This relates to a power distribution network for an integrated circuit package.
A typical integrated circuit package includes an array of connectors on an exterior surface of the package. FIG. 1 depicts an illustrative example of a portion of one such array 100 of connectors 110 on a package substrate 130. Connectors 110 are solder balls or solder bumps and will be referred to collectively hereafter as “pins.” The pins are organized in groups 120 that are referred to as “banks.” Within each bank 120 in a typical package, there is one power supply pin 112 for every eight to twelve input/output (I/O) signal pins 114. Thus, for a typical bank of 40 to 50 pins, there are three to five power supply pins distributed among the pins of the bank. The number of pins and the number of banks varies widely with the type of integrated circuit package. For some packages, the number of pins is well in excess of 1000.

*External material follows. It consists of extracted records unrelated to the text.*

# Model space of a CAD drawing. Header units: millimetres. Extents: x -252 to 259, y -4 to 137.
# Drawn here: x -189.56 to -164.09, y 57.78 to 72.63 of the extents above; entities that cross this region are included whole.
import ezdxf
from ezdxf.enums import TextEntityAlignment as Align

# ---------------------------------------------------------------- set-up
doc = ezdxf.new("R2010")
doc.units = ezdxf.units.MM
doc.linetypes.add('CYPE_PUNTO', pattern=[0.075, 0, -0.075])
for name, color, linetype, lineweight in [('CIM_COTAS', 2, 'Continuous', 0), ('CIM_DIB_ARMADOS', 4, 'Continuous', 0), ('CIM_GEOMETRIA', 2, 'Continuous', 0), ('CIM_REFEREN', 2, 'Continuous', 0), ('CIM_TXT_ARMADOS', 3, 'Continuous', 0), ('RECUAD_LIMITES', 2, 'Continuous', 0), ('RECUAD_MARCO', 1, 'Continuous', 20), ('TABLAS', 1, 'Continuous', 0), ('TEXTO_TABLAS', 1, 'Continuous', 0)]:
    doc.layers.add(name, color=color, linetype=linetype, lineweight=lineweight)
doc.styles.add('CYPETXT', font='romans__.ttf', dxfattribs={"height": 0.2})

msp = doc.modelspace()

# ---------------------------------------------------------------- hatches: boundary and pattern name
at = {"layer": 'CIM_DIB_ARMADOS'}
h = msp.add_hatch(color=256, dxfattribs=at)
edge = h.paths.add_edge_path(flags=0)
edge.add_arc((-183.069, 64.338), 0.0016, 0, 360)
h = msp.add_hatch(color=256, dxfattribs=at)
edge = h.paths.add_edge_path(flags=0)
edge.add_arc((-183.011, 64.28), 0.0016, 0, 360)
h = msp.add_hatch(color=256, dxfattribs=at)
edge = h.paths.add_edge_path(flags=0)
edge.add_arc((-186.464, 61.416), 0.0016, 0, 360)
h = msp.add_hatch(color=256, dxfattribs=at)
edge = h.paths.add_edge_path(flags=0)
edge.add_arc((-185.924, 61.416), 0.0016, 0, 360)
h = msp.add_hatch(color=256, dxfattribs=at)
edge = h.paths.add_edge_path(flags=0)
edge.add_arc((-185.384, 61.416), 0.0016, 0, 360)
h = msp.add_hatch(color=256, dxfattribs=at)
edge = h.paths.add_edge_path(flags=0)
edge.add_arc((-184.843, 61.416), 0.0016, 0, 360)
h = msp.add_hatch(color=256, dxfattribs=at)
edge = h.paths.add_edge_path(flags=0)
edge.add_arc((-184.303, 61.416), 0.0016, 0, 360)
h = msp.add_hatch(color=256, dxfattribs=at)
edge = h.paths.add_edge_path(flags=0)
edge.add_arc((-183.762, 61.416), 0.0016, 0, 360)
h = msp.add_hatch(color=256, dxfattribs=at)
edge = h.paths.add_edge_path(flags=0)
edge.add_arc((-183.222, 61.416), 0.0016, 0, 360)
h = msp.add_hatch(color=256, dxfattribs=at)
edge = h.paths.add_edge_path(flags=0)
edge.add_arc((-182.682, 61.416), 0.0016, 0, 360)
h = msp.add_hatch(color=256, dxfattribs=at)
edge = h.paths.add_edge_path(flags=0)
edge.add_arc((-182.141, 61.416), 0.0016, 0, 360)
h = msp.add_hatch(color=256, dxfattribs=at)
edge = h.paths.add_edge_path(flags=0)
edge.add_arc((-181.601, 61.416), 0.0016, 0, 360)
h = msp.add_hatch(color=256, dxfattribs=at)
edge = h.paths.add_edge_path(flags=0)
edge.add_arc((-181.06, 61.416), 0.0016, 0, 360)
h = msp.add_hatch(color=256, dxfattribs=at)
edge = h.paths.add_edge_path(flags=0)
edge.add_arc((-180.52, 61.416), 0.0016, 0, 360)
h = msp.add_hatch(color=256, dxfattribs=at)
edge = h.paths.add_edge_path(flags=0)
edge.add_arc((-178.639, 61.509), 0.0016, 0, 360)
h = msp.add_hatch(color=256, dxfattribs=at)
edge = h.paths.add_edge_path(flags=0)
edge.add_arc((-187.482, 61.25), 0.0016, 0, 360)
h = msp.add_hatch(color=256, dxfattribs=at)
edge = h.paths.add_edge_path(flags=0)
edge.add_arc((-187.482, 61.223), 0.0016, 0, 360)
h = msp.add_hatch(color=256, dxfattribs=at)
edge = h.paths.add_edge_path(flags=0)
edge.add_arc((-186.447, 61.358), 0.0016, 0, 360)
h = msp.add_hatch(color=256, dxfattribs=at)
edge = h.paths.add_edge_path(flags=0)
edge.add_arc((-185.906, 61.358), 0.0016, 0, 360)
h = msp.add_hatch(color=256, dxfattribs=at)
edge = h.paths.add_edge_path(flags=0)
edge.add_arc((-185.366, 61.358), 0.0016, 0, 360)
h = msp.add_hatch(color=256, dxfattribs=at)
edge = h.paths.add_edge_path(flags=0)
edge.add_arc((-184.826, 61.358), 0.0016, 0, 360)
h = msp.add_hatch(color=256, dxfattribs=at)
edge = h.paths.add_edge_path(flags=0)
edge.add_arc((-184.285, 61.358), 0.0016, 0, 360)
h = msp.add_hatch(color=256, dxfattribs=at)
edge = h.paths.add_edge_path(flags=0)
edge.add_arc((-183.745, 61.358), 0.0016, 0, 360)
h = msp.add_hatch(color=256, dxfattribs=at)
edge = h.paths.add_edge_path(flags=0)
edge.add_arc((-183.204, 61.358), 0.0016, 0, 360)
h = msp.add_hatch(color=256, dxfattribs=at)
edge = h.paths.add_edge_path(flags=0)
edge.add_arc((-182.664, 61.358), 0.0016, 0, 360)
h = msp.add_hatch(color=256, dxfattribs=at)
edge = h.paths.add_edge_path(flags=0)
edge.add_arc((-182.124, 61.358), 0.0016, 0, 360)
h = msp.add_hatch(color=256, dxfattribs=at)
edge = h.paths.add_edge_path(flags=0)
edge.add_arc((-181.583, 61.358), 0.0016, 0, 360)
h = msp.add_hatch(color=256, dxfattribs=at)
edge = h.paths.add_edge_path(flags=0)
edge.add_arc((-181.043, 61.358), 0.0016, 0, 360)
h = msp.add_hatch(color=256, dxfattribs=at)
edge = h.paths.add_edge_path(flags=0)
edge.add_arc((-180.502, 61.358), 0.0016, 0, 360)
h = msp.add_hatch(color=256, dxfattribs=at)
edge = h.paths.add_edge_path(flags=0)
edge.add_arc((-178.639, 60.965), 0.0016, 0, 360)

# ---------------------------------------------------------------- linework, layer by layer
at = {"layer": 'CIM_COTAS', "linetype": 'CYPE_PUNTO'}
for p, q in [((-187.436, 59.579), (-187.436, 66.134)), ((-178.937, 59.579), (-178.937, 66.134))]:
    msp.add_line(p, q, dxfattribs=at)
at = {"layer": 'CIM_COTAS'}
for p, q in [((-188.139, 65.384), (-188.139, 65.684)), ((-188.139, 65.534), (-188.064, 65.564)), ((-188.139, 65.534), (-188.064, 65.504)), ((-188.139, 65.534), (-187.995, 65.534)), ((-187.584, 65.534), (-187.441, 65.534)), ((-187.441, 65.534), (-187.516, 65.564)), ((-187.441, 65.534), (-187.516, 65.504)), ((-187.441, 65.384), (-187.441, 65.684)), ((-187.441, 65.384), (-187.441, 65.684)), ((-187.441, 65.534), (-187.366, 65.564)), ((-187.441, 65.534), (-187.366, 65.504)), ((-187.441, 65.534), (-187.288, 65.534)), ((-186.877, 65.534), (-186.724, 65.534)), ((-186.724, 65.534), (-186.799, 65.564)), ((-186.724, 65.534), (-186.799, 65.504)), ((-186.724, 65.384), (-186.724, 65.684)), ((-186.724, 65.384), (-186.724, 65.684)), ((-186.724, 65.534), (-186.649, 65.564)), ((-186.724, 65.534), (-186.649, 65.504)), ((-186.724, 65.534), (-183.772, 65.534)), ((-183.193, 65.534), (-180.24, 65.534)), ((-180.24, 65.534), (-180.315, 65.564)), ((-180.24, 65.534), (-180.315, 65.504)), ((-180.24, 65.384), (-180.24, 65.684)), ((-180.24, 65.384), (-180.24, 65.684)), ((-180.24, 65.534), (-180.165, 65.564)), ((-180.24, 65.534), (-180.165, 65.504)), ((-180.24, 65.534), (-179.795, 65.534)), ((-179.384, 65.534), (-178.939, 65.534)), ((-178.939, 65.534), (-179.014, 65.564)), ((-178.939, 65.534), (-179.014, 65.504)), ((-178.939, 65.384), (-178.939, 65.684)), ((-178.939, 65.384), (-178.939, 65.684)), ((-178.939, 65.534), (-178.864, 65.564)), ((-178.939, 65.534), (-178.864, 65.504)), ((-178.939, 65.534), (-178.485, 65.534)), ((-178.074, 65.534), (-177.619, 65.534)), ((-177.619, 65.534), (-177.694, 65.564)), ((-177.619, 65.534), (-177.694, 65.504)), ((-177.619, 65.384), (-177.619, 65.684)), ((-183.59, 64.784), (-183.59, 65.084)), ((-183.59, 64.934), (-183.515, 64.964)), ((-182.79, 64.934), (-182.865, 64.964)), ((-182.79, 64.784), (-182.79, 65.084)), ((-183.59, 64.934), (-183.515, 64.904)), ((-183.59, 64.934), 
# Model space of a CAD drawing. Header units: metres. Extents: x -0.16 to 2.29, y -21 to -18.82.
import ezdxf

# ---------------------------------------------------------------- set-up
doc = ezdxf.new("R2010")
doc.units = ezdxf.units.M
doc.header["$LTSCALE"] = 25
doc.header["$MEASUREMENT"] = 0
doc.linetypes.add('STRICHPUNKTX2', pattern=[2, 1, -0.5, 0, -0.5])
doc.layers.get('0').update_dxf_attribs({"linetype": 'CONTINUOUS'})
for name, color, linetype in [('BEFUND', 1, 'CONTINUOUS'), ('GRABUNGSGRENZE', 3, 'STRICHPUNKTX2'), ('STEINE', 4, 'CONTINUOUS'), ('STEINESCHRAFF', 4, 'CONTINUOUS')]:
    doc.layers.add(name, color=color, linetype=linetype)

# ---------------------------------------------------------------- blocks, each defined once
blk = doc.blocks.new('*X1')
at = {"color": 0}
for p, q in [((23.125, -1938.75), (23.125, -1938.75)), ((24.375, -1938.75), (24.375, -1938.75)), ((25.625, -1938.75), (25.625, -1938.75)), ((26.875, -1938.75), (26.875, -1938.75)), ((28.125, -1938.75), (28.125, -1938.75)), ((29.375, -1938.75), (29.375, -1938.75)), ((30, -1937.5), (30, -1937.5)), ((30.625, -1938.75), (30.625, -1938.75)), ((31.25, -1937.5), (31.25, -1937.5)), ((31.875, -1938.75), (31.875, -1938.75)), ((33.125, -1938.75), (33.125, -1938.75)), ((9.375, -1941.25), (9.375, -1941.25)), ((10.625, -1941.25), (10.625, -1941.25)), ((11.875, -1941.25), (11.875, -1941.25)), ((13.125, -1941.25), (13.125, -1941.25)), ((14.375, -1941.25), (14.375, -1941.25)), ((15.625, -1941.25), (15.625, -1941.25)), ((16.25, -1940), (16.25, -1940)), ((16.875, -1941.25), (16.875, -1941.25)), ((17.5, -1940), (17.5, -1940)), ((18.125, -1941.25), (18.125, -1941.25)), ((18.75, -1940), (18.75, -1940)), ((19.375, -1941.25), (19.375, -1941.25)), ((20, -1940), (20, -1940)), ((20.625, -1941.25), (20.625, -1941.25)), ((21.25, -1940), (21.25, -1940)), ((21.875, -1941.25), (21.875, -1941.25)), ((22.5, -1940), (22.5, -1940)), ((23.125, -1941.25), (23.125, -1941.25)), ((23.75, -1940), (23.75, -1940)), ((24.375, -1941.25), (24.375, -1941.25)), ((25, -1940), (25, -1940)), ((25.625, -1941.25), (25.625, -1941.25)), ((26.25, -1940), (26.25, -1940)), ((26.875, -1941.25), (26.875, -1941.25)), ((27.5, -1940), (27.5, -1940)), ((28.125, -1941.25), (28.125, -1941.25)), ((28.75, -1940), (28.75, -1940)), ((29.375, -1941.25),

Array 100 is formed on the exterior surface of package substrate 130. Substrate 130 is a multi-layer structure comprising a series of electrically conducting metal layers that are insulated from one another by intermetallic dielectric layers. Each of the layers is substantially parallel to the exterior surface of the package. Interconnection paths are defined in the metal layers; and selective connections are made by vias between the paths in the various layers so as to connect the pins of array 100 to bonding pads (not shown) on the interior surface of substrate 130 opposite the exterior surface. At least one of the metal layers is used to interconnect the power supply pins 112. Further details on package substrates are found in R. R. Tummala (Ed.), Fundamentals of Microsystems Packaging (McGraw-Hill 2001), which is incorporated herein by reference.
As a result of these arrangements, a substantial number of the available pins are used for power supply, thereby reducing the number of pins available for use as input/output signal pins or requiring the use of a larger substrate to accommodate more I/O pins. Further, distributing the power supply pins complicates the layout of the pins and imposes constraints that are likely to make the final arrangement of pins less than optimal. The need to connect the power supply pins with a metal layer embedded in the substrate further complicates the design of the package substrate and may increase the layer count.
The performance of a typical circuit with a relatively large number of power supply pins is also less than desired. Within the frequency range of operation for these circuits, which is approximately 1 MHz to approximately 1 GHz, the system level impedance of these circuits varies substantially and has two peaks. Moreover, the lower frequency impedance peak exceeds the desired impedance by a factor of about 2.